### Supplied material ###

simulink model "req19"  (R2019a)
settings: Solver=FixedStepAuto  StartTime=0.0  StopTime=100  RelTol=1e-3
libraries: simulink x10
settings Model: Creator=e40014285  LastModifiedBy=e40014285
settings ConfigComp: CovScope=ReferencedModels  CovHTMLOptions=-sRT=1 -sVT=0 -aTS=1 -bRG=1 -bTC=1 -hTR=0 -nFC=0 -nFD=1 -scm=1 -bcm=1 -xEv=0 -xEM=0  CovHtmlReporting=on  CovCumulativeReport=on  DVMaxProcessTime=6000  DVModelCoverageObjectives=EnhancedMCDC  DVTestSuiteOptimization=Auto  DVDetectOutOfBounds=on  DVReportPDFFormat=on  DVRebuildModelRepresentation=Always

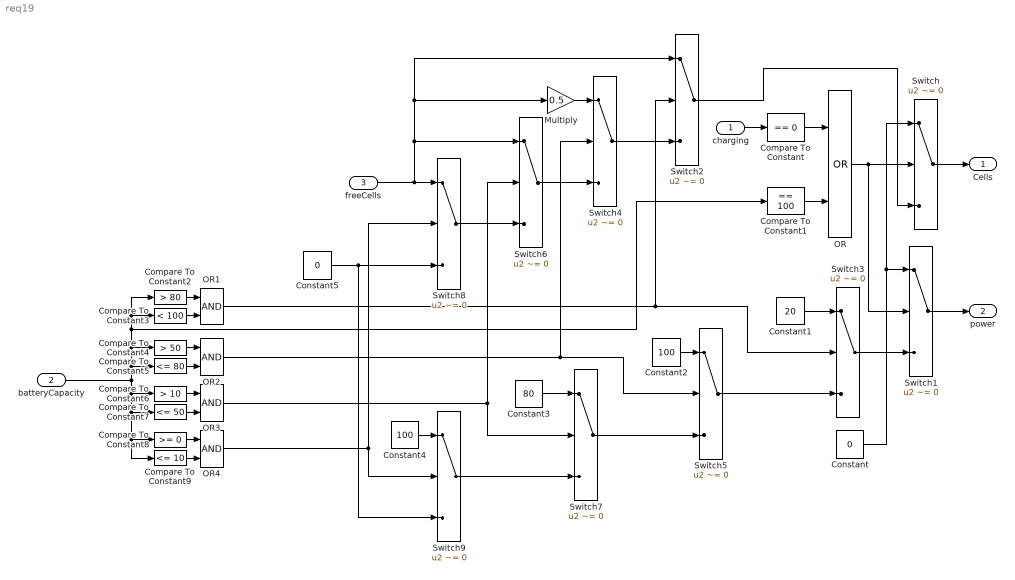
== system req19 ==
  charging : Inport
  batteryCapacity : Inport  Port=2
  freeCells : Inport  Port=3
  Compare To Constant : simulink/Logic and Bit Operations/Compare To Constant  relop===  const=0  OutDataTypeStr=boolean
  Compare To Constant1 : simulink/Logic and Bit Operations/Compare To Constant  relop===  const=100  OutDataTypeStr=boolean
  Compare To Constant2 : simulink/Logic and Bit Operations/Compare To Constant  relop=>  const=80  OutDataTypeStr=boolean
  Compare To Constant3 : simulink/Logic and Bit Operations/Compare To Constant  relop=<  const=100  OutDataTypeStr=boolean
  Compare To Constant4 : simulink/Logic and Bit Operations/Compare To Constant  relop=>  const=50  OutDataTypeStr=boolean
  Compare To Constant5 : simulink/Logic and Bit Operations/Compare To Constant  relop=<=  const=80  OutDataTypeStr=boolean
  Compare To Constant6 : simulink/Logic and Bit Operations/Compare To Constant  relop=>  const=10  OutDataTypeStr=boolean
  Compare To Constant7 : simulink/Logic and Bit Operations/Compare To Constant  relop=<=  const=50  OutDataTypeStr=boolean
  Compare To Constant8 : simulink/Logic and Bit Operations/Compare To Constant  relop=>=  const=0  OutDataTypeStr=boolean
  Compare To Constant9 : simulink/Logic and Bit Operations/Compare To Constant  relop=<=  const=10  OutDataTypeStr=boolean
  Constant : Constant  Value=0
  Constant1 : Constant  Value=20
  Constant2 : Constant  Value=100
  Constant3 : Constant  Value=80
  Constant4 : Constant  Value=100
  Constant5 : Constant  Value=0
  Multiply : Gain  Gain=0.5
  OR : Logic  Operator=OR  AllPortsSameDT=off  OutDataTypeStr=boolean
  OR{1..4} (4 alike) : Logic  AllPortsSameDT=off  OutDataTypeStr=boolean
  Switch{,1..9} (10 alike) : Switch  Criteria=u2 ~= 0
  Cells : Outport
  power : Outport  Port=2
  wires:
  Switch9/1 -> Switch7/3
  OR4/1 -> Switch9/2, Switch8/2
  charging/1 -> Compare To Constant/1
  Compare To Constant1/1 -> OR/2
  Compare To Constant3/1 -> OR1/2
  Switch2/1 -> Switch/3
  batteryCapacity/1 -> Compare To Constant1/1, Compare To Constant2/1, Compare To Constant3/1, Compare To Constant4/1, Compare To Constant5/1, Compare To Constant9/1, Compare To Constant8/1, Compare To Constant7/1, Compare To Constant6/1
  Switch/1 -> Cells/1
  Compare To Constant2/1 -> OR1/1
  Switch3/1 -> Switch1/3
  Compare To Constant/1 -> OR/1
  Constant1/1 -> Switch3/1
  Multiply/1 -> Switch4/1
  Constant2/1 -> Switch5/1
  Switch4/1 -> Switch2/3
  freeCells/1 -> Switch2/1, Multiply/1, Switch6/1, Switch8/1
  Switch1/1 -> power/1
  Compare To Constant4/1 -> OR2/1
  Compare To Constant5/1 -> OR2/2
  Switch5/1 -> Switch3/3
  Constant/1 -> Switch/1, Switch1/1
  Compare To Constant7/1 -> OR3/2
  Compare To Constant6/1 -> OR3/1
  Constant3/1 -> Switch7/1
  Switch6/1 -> Switch4/3
  Constant5/1 -> Switch9/3, Switch8/3
  Switch7/1 -> Switch5/3
  Compare To Constant8/1 -> OR4/1
  Constant4/1 -> Switch9/1
  Switch8/1 -> Switch6/3
  Compare To Constant9/1 -> OR4/2
  OR/1 -> Switch/2, Switch1/2
  OR1/1 -> Switch3/2, Switch2/2
  OR2/1 -> Switch4/2, Switch5/2
  OR3/1 -> Switch6/2, Switch7/2

###

- [About this task]
Pull out every line holding "Inport" from the records above, and copy it.

- [Response]
  charging : Inport
  batteryCapacity : Inport  Port=2
  freeCells : Inport  Port=3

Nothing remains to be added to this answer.